▶ Exercise prompt
Below are some entries. Work out how many of their lines hold the word "Threshold", and write that number alone.

▶ Data in this exercise
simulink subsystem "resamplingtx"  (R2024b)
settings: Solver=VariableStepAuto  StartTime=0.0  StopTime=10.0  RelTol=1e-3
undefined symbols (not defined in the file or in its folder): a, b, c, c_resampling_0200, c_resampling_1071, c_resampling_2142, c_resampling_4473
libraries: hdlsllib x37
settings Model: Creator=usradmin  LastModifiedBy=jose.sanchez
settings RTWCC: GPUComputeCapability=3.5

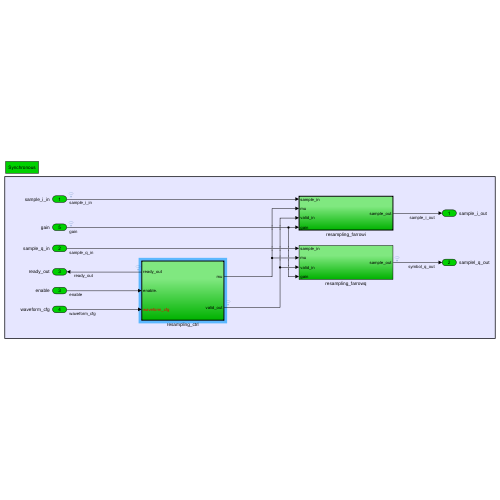
[thumbnail: Simulink's stored preview of the top-level diagram]
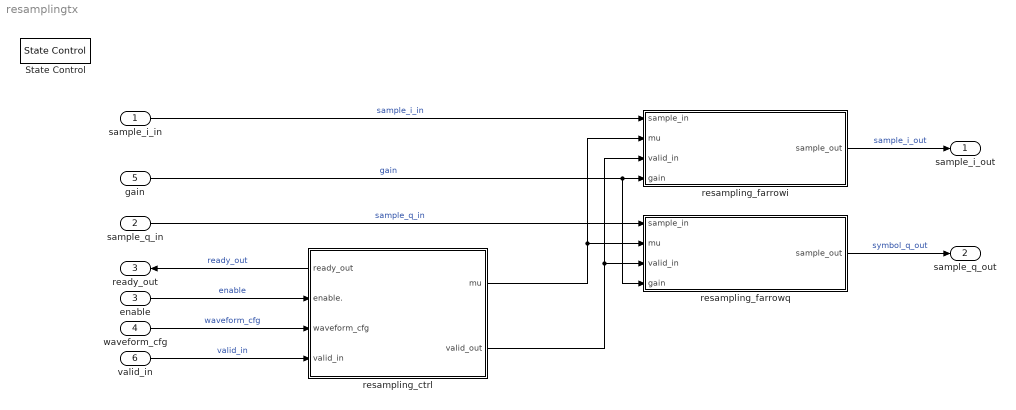
== system resamplingtx ==
  sample_i_in : Inport  OutDataTypeStr=fixdt(1,16,15)
  sample_q_in : Inport  Port=2  OutDataTypeStr=fixdt(1,16,15)
  enable : Inport  Port=3  OutDataTypeStr=boolean
  waveform_cfg : Inport  Port=4  OutDataTypeStr=fixdt(0,3,0)
  gain : Inport  Port=5  OutDataTypeStr=fixdt(1,17,14)
  valid_in : Inport  Port=6  OutDataTypeStr=boolean
  State Control : StateControl  StateControl=Synchronous
  resampling_ctrl : Subsystem
      settings: PortSchema="{\"entries\":[{\"content\":{\"sides\":[{\"content\":{\"connectorIds\":[\"Out3\",\"In1\",\"In2\",\"In3\"]},\"type\":\"ConnectorPlacement.EquallySpacedRectSide\",\"uuid\":\"3cd9d696-6190-459c-bb8b-8bb5d588c639\"},{\"content\":{\"connectorIds\":[\"Out1\",\"Out2\"],\"side\":\"RIGHT\"},\"type\":\"ConnectorPlacement.EquallySpacedRectSide\",\"uuid\":\"33a117ca-32f1-4181-9c0d-37c6fd5ec11a\"},{\"content\":{\"side\":\"TOP\"},\"type\":\"ConnectorPlacement.EquallySpacedRectSide\",\"uuid\":\"aa37b44e-ee4b-4e0b-b0bf-6dcd7e80fcbb\"}]},\"type\":\"ConnectorPlacement.EquallySpacedConnector\",\"uuid\":\"1cffff0a-15fe-4694-b57d-eb0cb56dd3c8\"}],\"packageUris\":[\"http://schema.mathworks.com/mf0/Connector/R2020b\"],\"version\":\"1.0\"}"
  resampling_farrowi : Subsystem
  resampling_farrowq : Subsystem  TreatAsAtomicUnit=on
  sample_i_out : Outport
  sample_q_out : Outport  Port=2
  ready_out : Outport  Port=3  OutDataTypeStr=boolean
  wires:
  sample_i_in/1 -> resampling_farrowi/1(sample_in)  "sample_i_in"
  resampling_farrowi/1(sample_out) -> sample_i_out/1  "sample_i_out"
  sample_q_in/1 -> resampling_farrowq/1(sample_in)  "sample_q_in"
  resampling_farrowq/1(sample_out) -> sample_q_out/1  "symbol_q_out"
  resampling_ctrl/2(valid_out) -> resampling_farrowi/3(valid_in), resampling_farrowq/3(valid_in)
  resampling_ctrl/3(ready_out) -> ready_out/1  "ready_out"
  enable/1 -> resampling_ctrl/1(enable.)  "enable"
  resampling_ctrl/1(mu) -> resampling_farrowi/2(mu), resampling_farrowq/2(mu)
  gain/1 -> resampling_farrowi/4(gain), resampling_farrowq/4(gain)  "gain"
  waveform_cfg/1 -> resampling_ctrl/2(waveform_cfg)  "waveform_cfg"
  valid_in/1 -> resampling_ctrl/3(valid_in)  "valid_in"

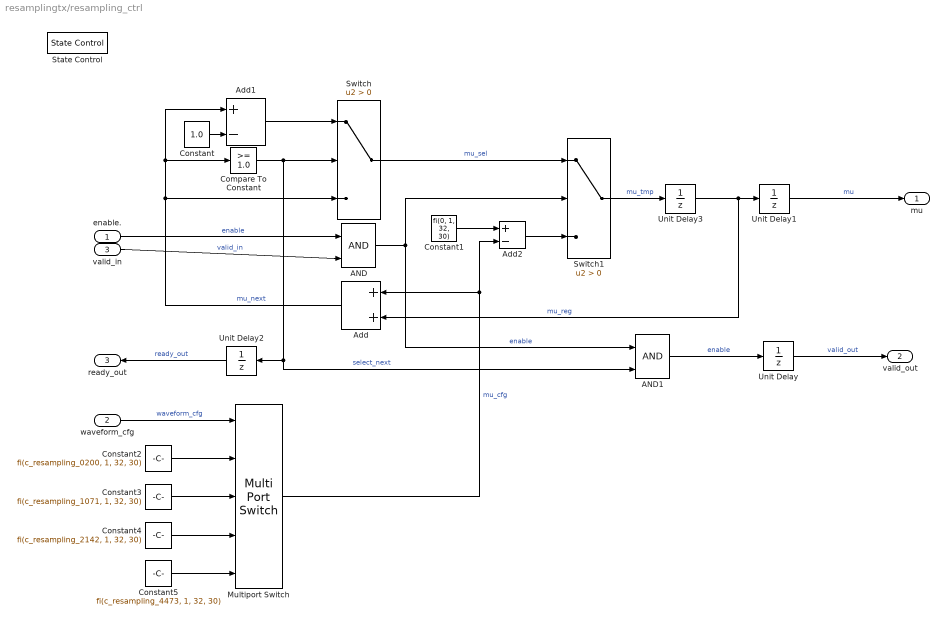
== system resamplingtx/resampling_ctrl ==
  enable. : Inport
  waveform_cfg : Inport  Port=2  OutDataTypeStr=fixdt(0,3,0)
  valid_in : Inport  Port=3
  AND : Logic  IconShape=distinctive  AllPortsSameDT=off  OutDataTypeStr=boolean
  AND1 : Logic  IconShape=distinctive  AllPortsSameDT=off  OutDataTypeStr=boolean
  Add : Sum
  Add1 : Sum  Inputs=+-
  Add2 : Sum  Inputs=+-
  Compare To Constant : hdlsllib/Logic and Bit Operations/Compare To Constant  relop=>=  const=1.0  OutDataTypeStr=boolean
  Constant : Constant  Value=1.0  OutDataTypeStr=fixdt(1,32,30)
  Constant1 : Constant  Value=fi(0, 1, 32, 30)
  Constant2 : Constant  Value=fi(c_resampling_0200, 1, 32, 30)
  Constant3 : Constant  Value=fi(c_resampling_1071, 1, 32, 30)
  Constant4 : Constant  Value=fi(c_resampling_2142, 1, 32, 30)
  Constant5 : Constant  Value=fi(c_resampling_4473, 1, 32, 30)
  Multiport Switch : MultiPortSwitch  Inputs=4  SaturateOnIntegerOverflow=off
  State Control : StateControl  StateControl=Synchronous
  Switch : Switch  Criteria=u2 > Threshold  SaturateOnIntegerOverflow=off  InputSameDT=off
  Switch1 : Switch  Criteria=u2 > Threshold  SaturateOnIntegerOverflow=off  InputSameDT=off
  Unit Delay{,1..3} (4 alike) : UnitDelay  SampleTime=-1  HasFrameUpgradeWarning=on
  mu : Outport  OutDataTypeStr=fixdt(1,32,30)
  valid_out : Outport  Port=2
  ready_out : Outport  Port=3
  wires:
  AND1/1 -> Unit Delay/1  "enable"
  valid_in/1 -> AND/2  "valid_in"
  enable./1 -> AND/1  "enable"
  Switch1/1 -> Unit Delay3/1  "mu_tmp"
  Add2/1 -> Switch1/3
  Constant1/1 -> Add2/1
  Switch/1 -> Switch1/1  "mu_sel"
  Unit Delay2/1 -> ready_out/1  "ready_out"
  Unit Delay1/1 -> mu/1  "mu"
  Unit Delay/1 -> valid_out/1  "valid_out"
  Compare To Constant/1 -> Switch/2, Unit Delay2/1, AND1/2  "select_next"
  Constant/1 -> Add1/2
  Unit Delay3/1 -> Unit Delay1/1, Add/2  "mu_reg"
  Add1/1 -> Switch/1
  Multiport Switch/1 -> Add2/2, Add/1  "mu_cfg"
  AND/1 -> Switch1/2, AND1/1  "enable"
  Add/1 -> Compare To Constant/1, Add1/1, Switch/3  "mu_next"
  waveform_cfg/1 -> Multiport Switch/1  "waveform_cfg"
  Constant2/1 -> Multiport Switch/2
  Constant3/1 -> Multiport Switch/3
  Constant4/1 -> Multiport Switch/4
  Constant5/1 -> Multiport Switch/5

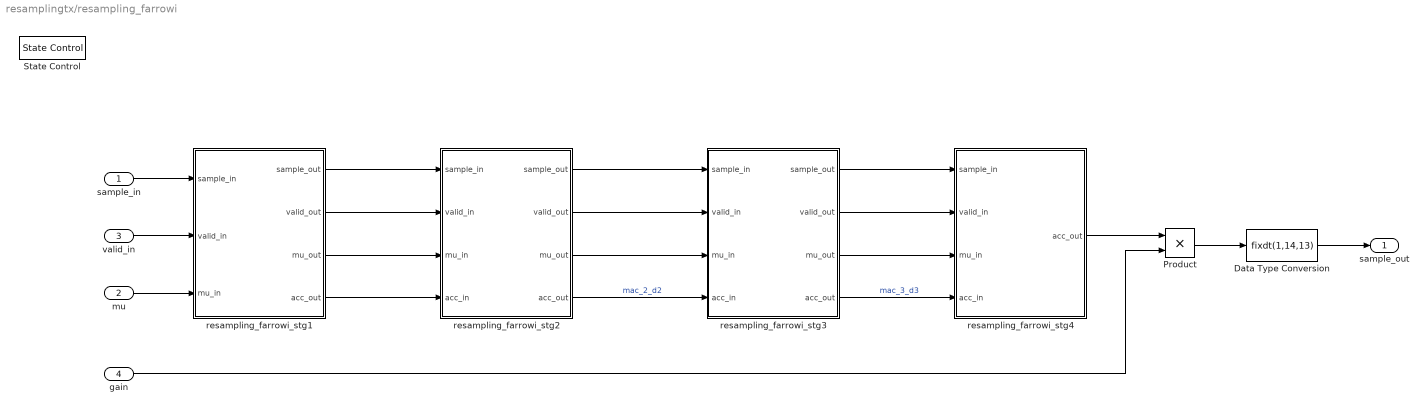
== system resamplingtx/resampling_farrowi ==
  sample_in : Inport
  mu : Inport  Port=2
  valid_in : Inport  Port=3
  gain : Inport  Port=4
  Data Type Conversion : DataTypeConversion  OutDataTypeStr=fixdt(1,14,13)  SaturateOnIntegerOverflow=off  RndMeth=Floor
  Product : Product
  State Control : StateControl  StateControl=Synchronous
  resampling_farrowi_stg1 : Subsystem
  resampling_farrowi_stg2 : Subsystem
  resampling_farrowi_stg3 : Subsystem
  resampling_farrowi_stg4 : Subsystem
  sample_out : Outport
  wires:
  mu/1 -> resampling_farrowi_stg1/3(mu_in)
  sample_in/1 -> resampling_farrowi_stg1/1(sample_in)
  valid_in/1 -> resampling_farrowi_stg1/2(valid_in)
  resampling_farrowi_stg1/1(sample_out) -> resampling_farrowi_stg2/1(sample_in)
  resampling_farrowi_stg1/2(valid_out) -> resampling_farrowi_stg2/2(valid_in)
  resampling_farrowi_stg1/3(mu_out) -> resampling_farrowi_stg2/3(mu_in)
  resampling_farrowi_stg1/4(acc_out) -> resampling_farrowi_stg2/4(acc_in)
  resampling_farrowi_stg2/1(sample_out) -> resampling_farrowi_stg3/1(sample_in)
  resampling_farrowi_stg2/2(valid_out) -> resampling_farrowi_stg3/2(valid_in)
  resampling_farrowi_stg2/3(mu_out) -> resampling_farrowi_stg3/3(mu_in)
  resampling_farrowi_stg2/4(acc_out) -> resampling_farrowi_stg3/4(acc_in)  "mac_2_d2"
  resampling_farrowi_stg3/1(sample_out) -> resampling_farrowi_stg4/1(sample_in)
  resampling_farrowi_stg3/2(valid_out) -> resampling_farrowi_stg4/2(valid_in)
  resampling_farrowi_stg3/3(mu_out) -> resampling_farrowi_stg4/3(mu_in)
  resampling_farrowi_stg3/4(acc_out) -> resampling_farrowi_stg4/4(acc_in)  "mac_3_d3"
  resampling_farrowi_stg4/1(acc_out) -> Product/1
  Product/1 -> Data Type Conversion/1
  gain/1 -> Product/2
  Data Type Conversion/1 -> sample_out/1

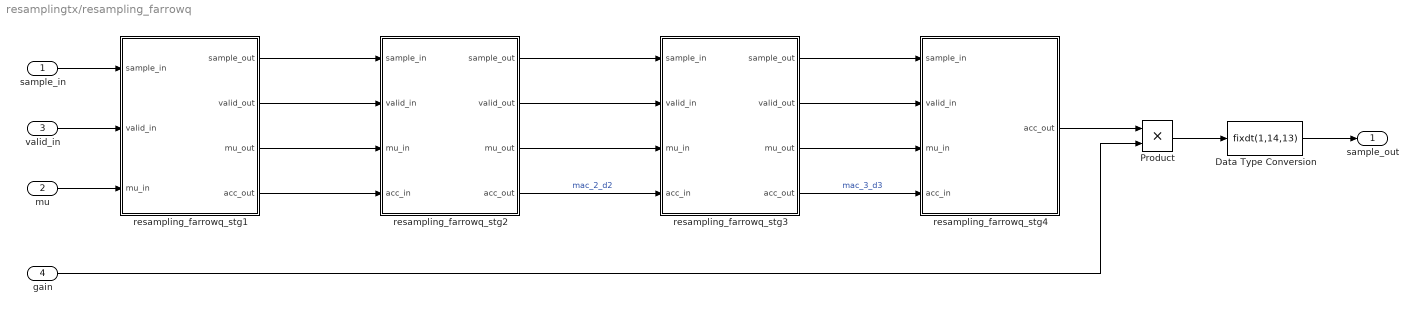
== system resamplingtx/resampling_farrowq ==
  sample_in : Inport
  mu : Inport  Port=2
  valid_in : Inport  Port=3
  gain : Inport  Port=4
  Data Type Conversion : DataTypeConversion  OutDataTypeStr=fixdt(1,14,13)  SaturateOnIntegerOverflow=off  RndMeth=Floor
  Product : Product
  resampling_farrowq_stg1 : Subsystem
  resampling_farrowq_stg2 : Subsystem
  resampling_farrowq_stg3 : Subsystem
  resampling_farrowq_stg4 : Subsystem
  sample_out : Outport
  wires:
  Data Type Conversion/1 -> sample_out/1
  gain/1 -> Product/2
  Product/1 -> Data Type Conversion/1
  resampling_farrowq_stg4/1(acc_out) -> Product/1
  resampling_farrowq_stg3/4(acc_out) -> resampling_farrowq_stg4/4(acc_in)  "mac_3_d3"
  resampling_farrowq_stg3/3(mu_out) -> resampling_farrowq_stg4/3(mu_in)
  resampling_farrowq_stg3/2(valid_out) -> resampling_farrowq_stg4/2(valid_in)
  resampling_farrowq_stg3/1(sample_out) -> resampling_farrowq_stg4/1(sample_in)
  resampling_farrowq_stg2/4(acc_out) -> resampling_farrowq_stg3/4(acc_in)  "mac_2_d2"
  resampling_farrowq_stg2/3(mu_out) -> resampling_farrowq_stg3/3(mu_in)
  resampling_farrowq_stg2/2(valid_out) -> resampling_farrowq_stg3/2(valid_in)
  resampling_farrowq_stg2/1(sample_out) -> resampling_farrowq_stg3/1(sample_in)
  resampling_farrowq_stg1/4(acc_out) -> resampling_farrowq_stg2/4(acc_in)
  resampling_farrowq_stg1/3(mu_out) -> resampling_farrowq_stg2/3(mu_in)
  resampling_farrowq_stg1/2(valid_out) -> resampling_farrowq_stg2/2(valid_in)
  resampling_farrowq_stg1/1(sample_out) -> resampling_farrowq_stg2/1(sample_in)
  valid_in/1 -> resampling_farrowq_stg1/2(valid_in)
  sample_in/1 -> resampling_farrowq_stg1/1(sample_in)
  mu/1 -> resampling_farrowq_stg1/3(mu_in)

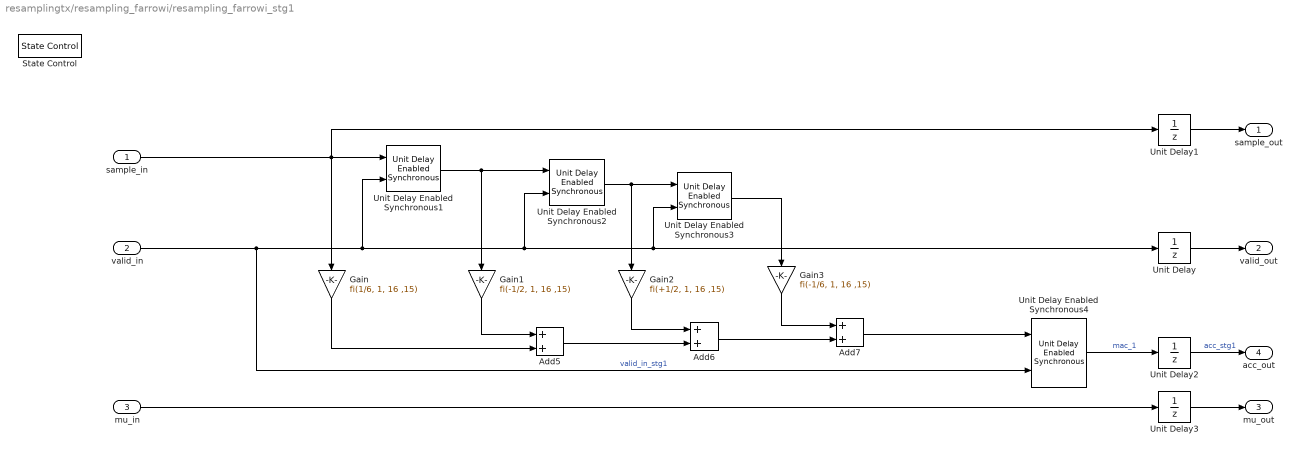
== system resamplingtx/resampling_farrowi/resampling_farrowi_stg1 ==
  sample_in : Inport  OutDataTypeStr=fixdt(1,16,15)
  valid_in : Inport  Port=2  OutDataTypeStr=boolean
  mu_in : Inport  Port=3
  Add5 : Sum
  Add6 : Sum
  Add7 : Sum
  Gain : Gain  Gain=fi(1/6, 1, 16 ,15)  OutDataTypeStr=fixdt(1,32,30)
  Gain1 : Gain  Gain=fi(-1/2, 1, 16 ,15)  OutDataTypeStr=fixdt(1,32,30)
  Gain2 : Gain  Gain=fi(+1/2, 1, 16 ,15)  OutDataTypeStr=fixdt(1,32,30)
  Gain3 : Gain  Gain=fi(-1/6, 1, 16 ,15)  OutDataTypeStr=fixdt(1,32,30)
  State Control : StateControl  StateControl=Synchronous
  Unit Delay{,1..3} (4 alike) : UnitDelay  SampleTime=-1  HasFrameUpgradeWarning=on
  Unit Delay Enabled Synchronous{1..4} (4 alike) : hdlsllib/Discrete/Unit Delay Enabled Synchronous  InitialCondition=0.0  SampleTime=-1
  sample_out : Outport  OutDataTypeStr=fixdt(1,16,15)
  valid_out : Outport  Port=2  OutDataTypeStr=boolean
  mu_out : Outport  Port=3
  acc_out : Outport  Port=4
  wires:
  Unit Delay Enabled Synchronous4/1 -> Unit Delay2/1  "mac_1"
  Add7/1 -> Unit Delay Enabled Synchronous4/1
  Unit Delay Enabled Synchronous3/1 -> Gain3/1
  valid_in/1 -> Unit Delay Enabled Synchronous4/2, Unit Delay Enabled Synchronous1/2, Unit Delay Enabled Synchronous2/2, Unit Delay Enabled Synchronous3/2, Unit Delay/1  "valid_in_stg1"
  sample_in/1 -> Gain/1, Unit Delay Enabled Synchronous1/1, Unit Delay1/1
  Add5/1 -> Add6/2
  Gain3/1 -> Add7/1
  Unit Delay Enabled Synchronous2/1 -> Gain2/1, Unit Delay Enabled Synchronous3/1
  Gain1/1 -> Add5/1
  Add6/1 -> Add7/2
  Gain/1 -> Add5/2
  Gain2/1 -> Add6/1
  Unit Delay Enabled Synchronous1/1 -> Gain1/1, Unit Delay Enabled Synchronous2/1
  mu_in/1 -> Unit Delay3/1
  Unit Delay1/1 -> sample_out/1
  Unit Delay/1 -> valid_out/1
  Unit Delay2/1 -> acc_out/1  "acc_stg1"
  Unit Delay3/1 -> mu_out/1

▶ Task response
2